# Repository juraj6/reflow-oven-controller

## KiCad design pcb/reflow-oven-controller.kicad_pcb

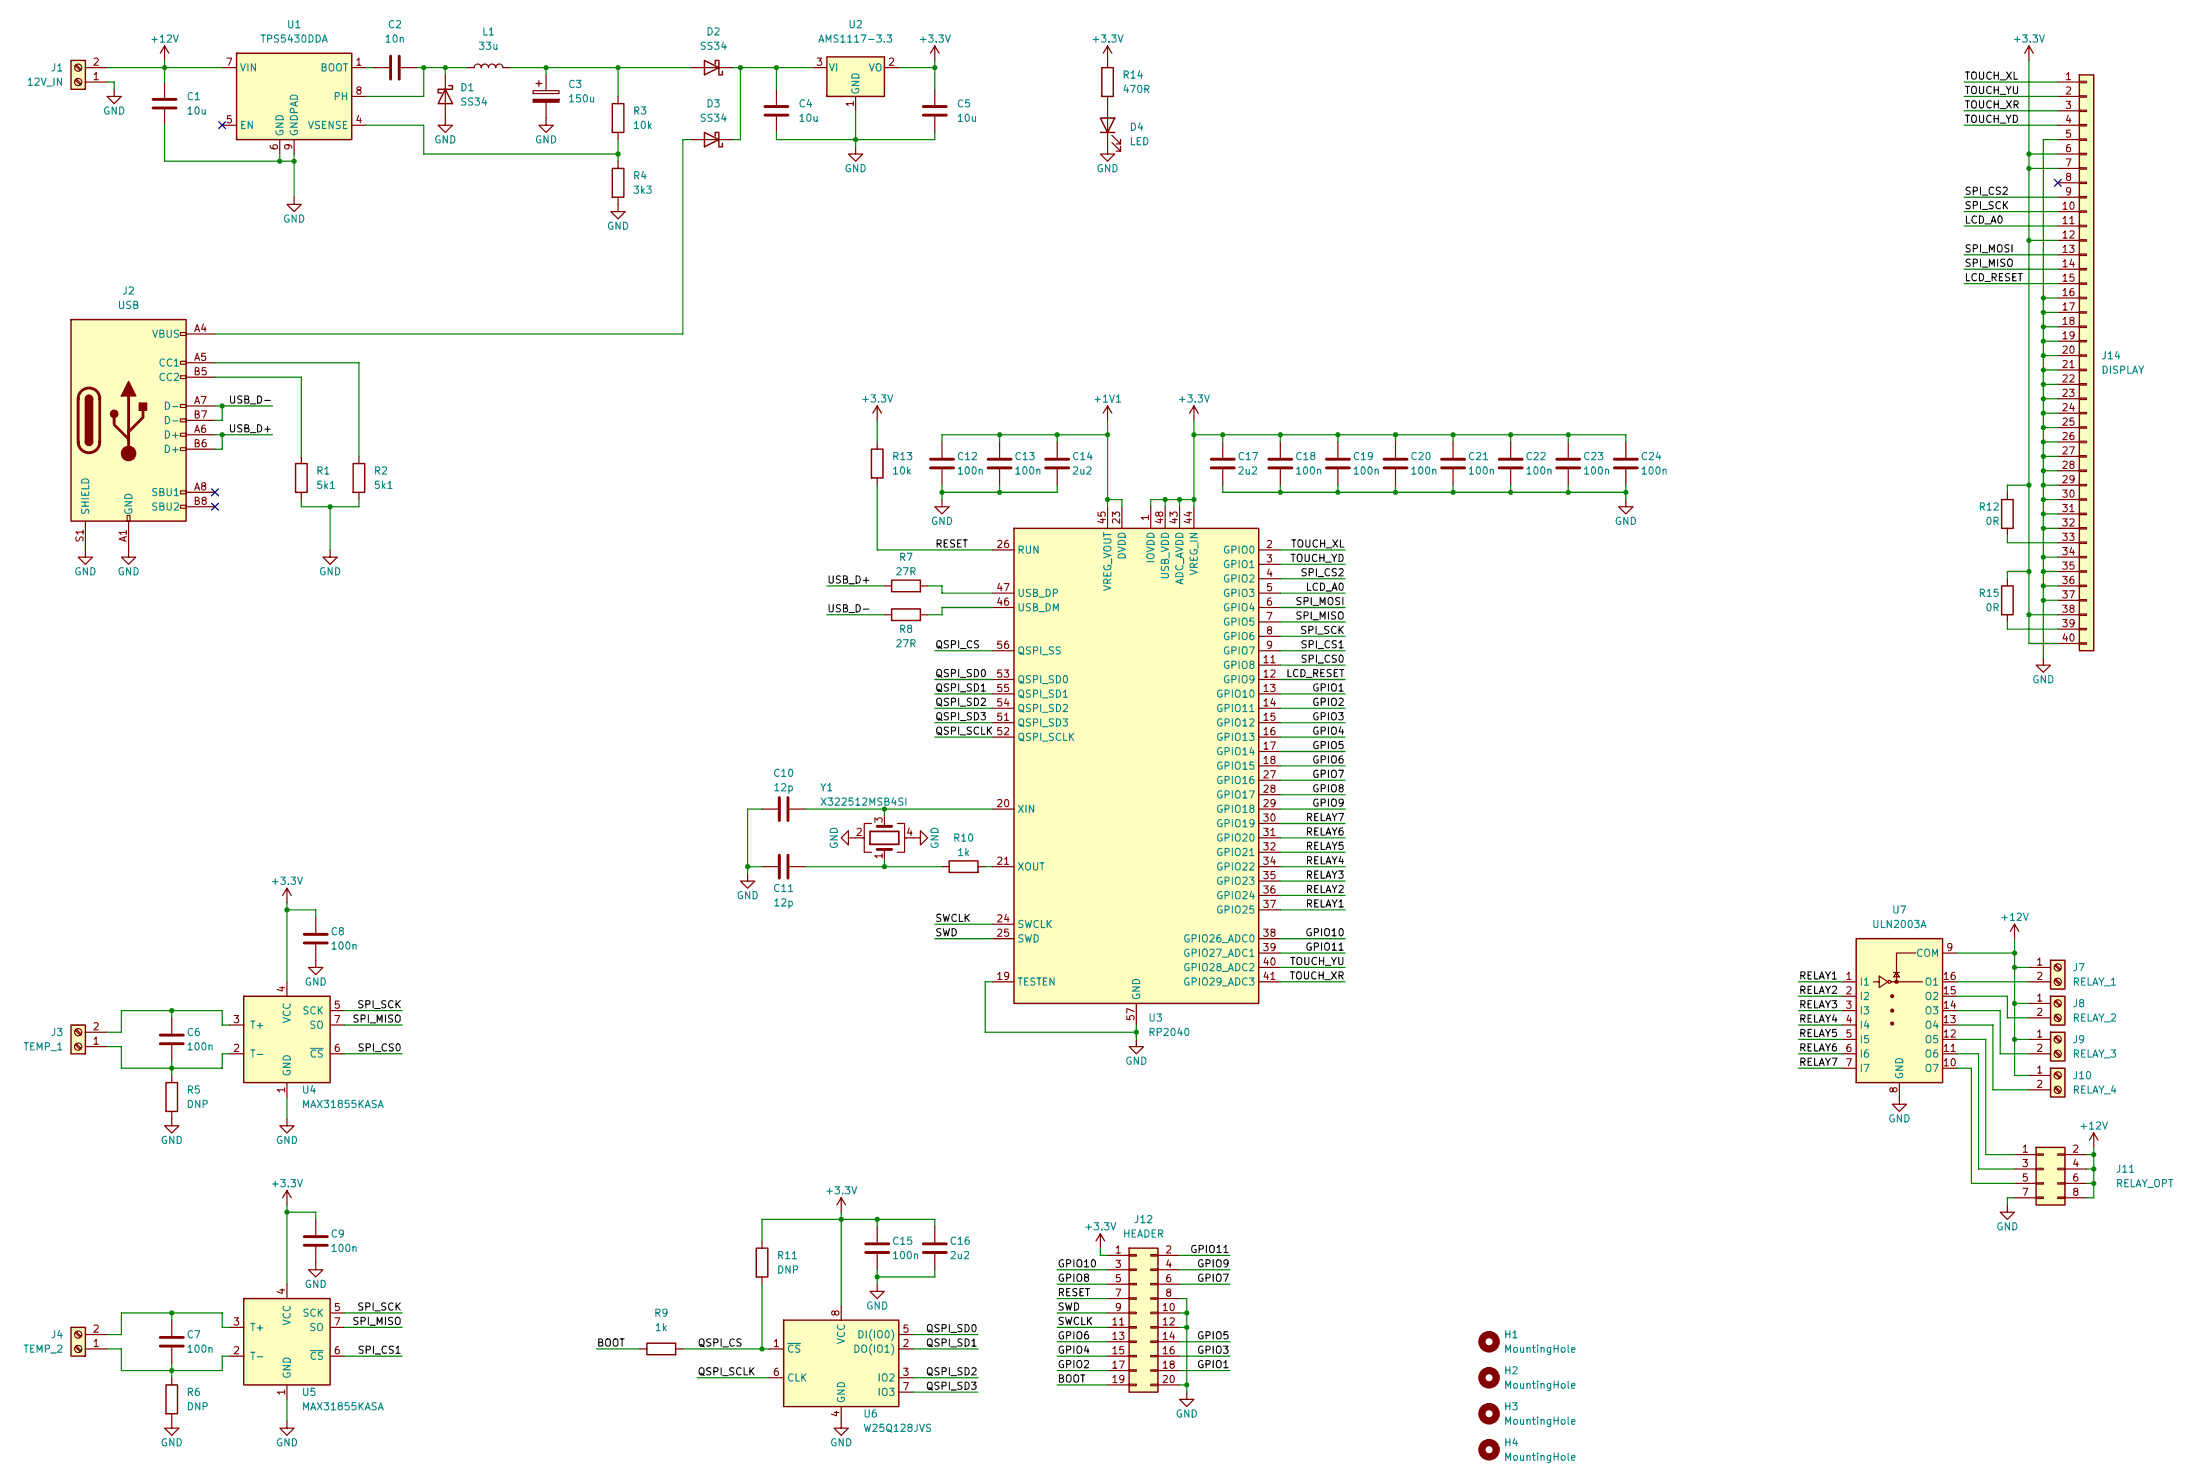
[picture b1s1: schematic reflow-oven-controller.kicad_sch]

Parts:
C1, C4, C5: 10u; C_0805_2012Metric; Tolerance 10%; Voltage 25V; LCSC C15850
C2: 10n; C_0402_1005Metric; Tolerance 10%; Voltage 50V; LCSC C15195
C3: 150u; CP_EIA-7343-15_Kemet-W; Tolerance 20%; Voltage 10V; LCSC C347559
C6, C7, C8, C9, C12, C13, C15, C18, C19, C20, C21, C22, C23, C24: 100n; C_0402_1005Metric; Tolerance 10%; Voltage 16V; LCSC C1525
C10, C11: 12p; C_0402_1005Metric; Tolerance 5%; Voltage 50V; LCSC C1547
C14, C16, C17: 2u2; C_0402_1005Metric; Tolerance 20%; Voltage 6.3V; LCSC C12530
D1, D2, D3: SS34; D_SMA; Voltage 40V; LCSC C8678
D4: LED; LED_0603_1608Metric; LCSC C72043
H1, H2, H3, H4: MountingHole; MountingHole_3.2mm_M3
J1: 12V_IN; TerminalBlock_MetzConnect_Type059_RT06302HBWC_1x02_P3.50mm_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
J2: USB; GCT_USB4145-03-0070-C_REVA2
J3: TEMP_1; TerminalBlock_MetzConnect_Type059_RT06302HBWC_1x02_P3.50mm_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
J4: TEMP_2; TerminalBlock_MetzConnect_Type059_RT06302HBWC_1x02_P3.50mm_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
J7: RELAY_1; TerminalBlock_MetzConnect_Type059_RT06302HBWC_1x02_P3.50mm_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
J8: RELAY_2; TerminalBlock_MetzConnect_Type059_RT06302HBWC_1x02_P3.50mm_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
J9: RELAY_3; TerminalBlock_MetzConnect_Type059_RT06302HBWC_1x02_P3.50mm_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
J10: RELAY_4; TerminalBlock_MetzConnect_Type059_RT06302HBWC_1x02_P3.50mm_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
J11: RELAY_OPT; PinHeader_2x04_P2.54mm_Vertical_SMD
J12: HEADER; PinHeader_2x10_P2.54mm_Vertical_SMD
J14: DISPLAY; Hirose_FH12-40S-0.5SH_1x40-1MP_P0.50mm_Horizontal; LCSC C202114
L1: 33u; L_Taiyo-Yuden_NR-50xx; Tolerance 20%; LCSC C86618
R1, R2: 5k1; R_0402_1005Metric; Tolerance 1%; LCSC C25905
R3, R13: 10k; R_0402_1005Metric; Tolerance 1%; LCSC C25744
R4: 3k3; R_0402_1005Metric; Tolerance 1%; LCSC C25890
R5, R6, R11: DNP; R_0603_1608Metric
R7, R8: 27R; R_0603_1608Metric; Tolerance 1%; LCSC C25190
R9, R10: 1k; R_0402_1005Metric; Tolerance 1%; LCSC C11702
R12, R15: 0R; R_0603_1608Metric; LCSC C21189
R14: 470R; R_0402_1005Metric; Tolerance 1%; LCSC C25117
U1: TPS5430DDA; TI_SO-PowerPAD-8_ThermalVias; LCSC C9864
U2: AMS1117-3.3; SOT-223-3_TabPin2; LCSC C6186
U3: RP2040; QFN-56-1EP_7x7mm_P0.4mm_EP3.2x3.2mm; LCSC C2040
U4, U5: MAX31855KASA; SOIC-8_3.9x4.9mm_P1.27mm; LCSC C52028
U6: W25Q128JVS; SOIC-8_5.23x5.23mm_P1.27mm; LCSC C97521
U7: ULN2003A; SOIC-16_3.9x9.9mm_P1.27mm; LCSC C7512
Y1: X322512MSB4SI; Crystal_SMD_SeikoEpson_TSX3225-4Pin_3.2x2.5mm; LCSC C9002

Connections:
+1V1: C12.1, C13.1, C14.1, U3.23 (DVDD), U3.45 (VREG_VOUT), U3.50 (DVDD)
+3.3V: C5.1, C8.1, C9.1, C15.1, C16.1, C17.1, C18.1, C19.1, C20.1, C21.1, C22.1, C23.1, C24.1, J12.1, J14.6, J14.7, J14.12, J14.38, J14.40, R11.1, R12.1, R13.1, R14.1, R15.1, U2.2 (VO), U3.1 (IOVDD), U3.10 (IOVDD), U3.22 (IOVDD), U3.33 (IOVDD), U3.42 (IOVDD), U3.43 (ADC_AVDD), U3.44 (VREG_IN), U3.48 (USB_VDD), U3.49 (IOVDD), U4.4 (VCC), U5.4 (VCC), U6.8 (VCC)
+12V: C1.1, J1.2, J7.1, J8.1, J9.1, J10.1, J11.2, J11.4, J11.6, J11.8, U1.7 (VIN), U7.9 (COM)
/BOOT: J12.19, R9.1
/GPIO1: J12.18, U3.13 (GPIO10)
/GPIO2: J12.17, U3.14 (GPIO11)
/GPIO3: J12.16, U3.15 (GPIO12)
/GPIO4: J12.15, U3.16 (GPIO13)
/GPIO5: J12.14, U3.17 (GPIO14)
/GPIO6: J12.13, U3.18 (GPIO15)
/GPIO7: J12.6, U3.27 (GPIO16)
/GPIO8: J12.5, U3.28 (GPIO17)
/GPIO9: J12.4, U3.29 (GPIO18)
/GPIO10: J12.3, U3.38 (GPIO26_ADC0)
/GPIO11: J12.2, U3.39 (GPIO27_ADC1)
/LCD_A0: J14.11, U3.5 (GPIO3)
/LCD_RESET: J14.15, U3.12 (GPIO9)
/QSPI_CS: R9.2, R11.2, U3.56 (QSPI_SS), U6.1 (~CS)
/QSPI_SCLK: U3.52 (QSPI_SCLK), U6.6 (CLK)
/QSPI_SD0: U3.53 (QSPI_SD0), U6.5 (DI(IO0))
/QSPI_SD1: U3.55 (QSPI_SD1), U6.2 (DO(IO1))
/QSPI_SD2: U3.54 (QSPI_SD2), U6.3 (IO2)
/QSPI_SD3: U3.51 (QSPI_SD3), U6.7 (IO3)
/RELAY1: U3.37 (GPIO25), U7.1 (I1)
/RELAY2: U3.36 (GPIO24), U7.2 (I2)
/RELAY3: U3.35 (GPIO23), U7.3 (I3)
/RELAY4: U3.34 (GPIO22), U7.4 (I4)
/RELAY5: U3.32 (GPIO21), U7.5 (I5)
/RELAY6: U3.31 (GPIO20), U7.6 (I6)
/RELAY7: U3.30 (GPIO19), U7.7 (I7)
/RESET: J12.7, R13.2, U3.26 (RUN)
/SPI_CS0: U3.11 (GPIO8), U4.6 (~CS)
/SPI_CS1: U3.9 (GPIO7), U5.6 (~CS)
/SPI_CS2: J14.9, U3.4 (GPIO2)
/SPI_MISO: J14.14, U3.7 (GPIO5), U4.7 (SO), U5.7 (SO)
/SPI_MOSI: J14.13, U3.6 (GPIO4)
/SPI_SCK: J14.10, U3.8 (GPIO6), U4.5 (SCK), U5.5 (SCK)
/SWCLK: J12.11, U3.24 (SWCLK)
/SWD: J12.9, U3.25 (SWD)
/TOUCH_XL: J14.1, U3.2 (GPIO0)
/TOUCH_XR: J14.3, U3.41 (GPIO29_ADC3)
/TOUCH_YD: J14.4, U3.3 (GPIO1)
/TOUCH_YU: J14.2, U3.40 (GPIO28_ADC2)
/USB_D+: J2.A6 (D+), J2.B6 (D+), R7.1
/USB_D-: J2.A7 (D-), J2.B7 (D-), R8.1
GND: C1.2, C3.2, C4.2, C5.2, C8.2, C9.2, C10.1, C11.1, C12.2, C13.2, C14.2, C15.2, C16.2, C17.2, C18.2, C19.2, C20.2, C21.2, C22.2, C23.2, C24.2, D1.2 (A), D4.1 (K), J1.1, J2.A1 (GND), J2.A12 (GND), J2.B1 (GND), J2.B12 (GND), J2.S1 (SHIELD), J11.7, J12.8, J12.10, J12.12, J12.20, J14.5, J14.16, J14.17, J14.18, J14.19, J14.20, J14.21, J14.22, J14.23, J14.24, J14.25, J14.26, J14.27, J14.28, J14.29, J14.30, J14.31, J14.32, J14.34, J14.35, J14.36, J14.37, R1.2, R2.2, R4.2, R5.2, R6.2, U1.6 (GND), U1.9 (GNDPAD), U2.1 (GND), U3.19 (TESTEN), U3.57 (GND), U4.1 (GND), U5.1 (GND), U6.4 (GND), U7.8 (GND), Y1.2, Y1.4
unnamed: C2.1, U1.1 (BOOT)
unnamed: C2.2, D1.1 (K), L1.1, U1.8 (PH)
unnamed: C3.1, D2.2 (A), L1.2, R3.1
unnamed: C4.1, D2.1 (K), D3.1 (K), U2.3 (VI)
unnamed: C6.1, J3.2, U4.3 (T+)
unnamed: C6.2, J3.1, R5.1, U4.2 (T-)
unnamed: C7.1, J4.2, U5.3 (T+)
unnamed: C7.2, J4.1, R6.1, U5.2 (T-)
unnamed: C10.2, U3.20 (XIN), Y1.3
unnamed: C11.2, R10.1, Y1.1
unnamed: D3.2 (A), J2.A4 (VBUS), J2.A9 (VBUS), J2.B4 (VBUS), J2.B9 (VBUS)
unnamed: D4.2 (A), R14.2
unnamed: J2.A5 (CC1), R2.1
unnamed: J2.B5 (CC2), R1.1
unnamed: J7.2, U7.16 (O1)
unnamed: J8.2, U7.15 (O2)
unnamed: J9.2, U7.14 (O3)
unnamed: J10.2, U7.13 (O4)
unnamed: J11.1, U7.12 (O5)
unnamed: J11.3, U7.11 (O6)
unnamed: J11.5, U7.10 (O7)
unnamed: J14.33, R12.2
unnamed: J14.39, R15.2
unnamed: R3.2, R4.1, U1.4 (VSENSE)
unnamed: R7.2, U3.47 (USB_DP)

- **EXERCISE GOAL**:
Lines wanted from the listing above: the line with "R5, R6, R11: DNP; R_0603_1608Metric" up to and including the line with "R14: 470R; R_0402_1005Metric;". Please write them out exactly, adding nothing else.

- **RESPONSE BELOW**:
R5, R6, R11: DNP; R_0603_1608Metric
R7, R8: 27R; R_0603_1608Metric; Tolerance 1%; LCSC C25190
R9, R10: 1k; R_0402_1005Metric; Tolerance 1%; LCSC C11702
R12, R15: 0R; R_0603_1608Metric; LCSC C21189
R14: 470R; R_0402_1005Metric; Tolerance 1%; LCSC C25117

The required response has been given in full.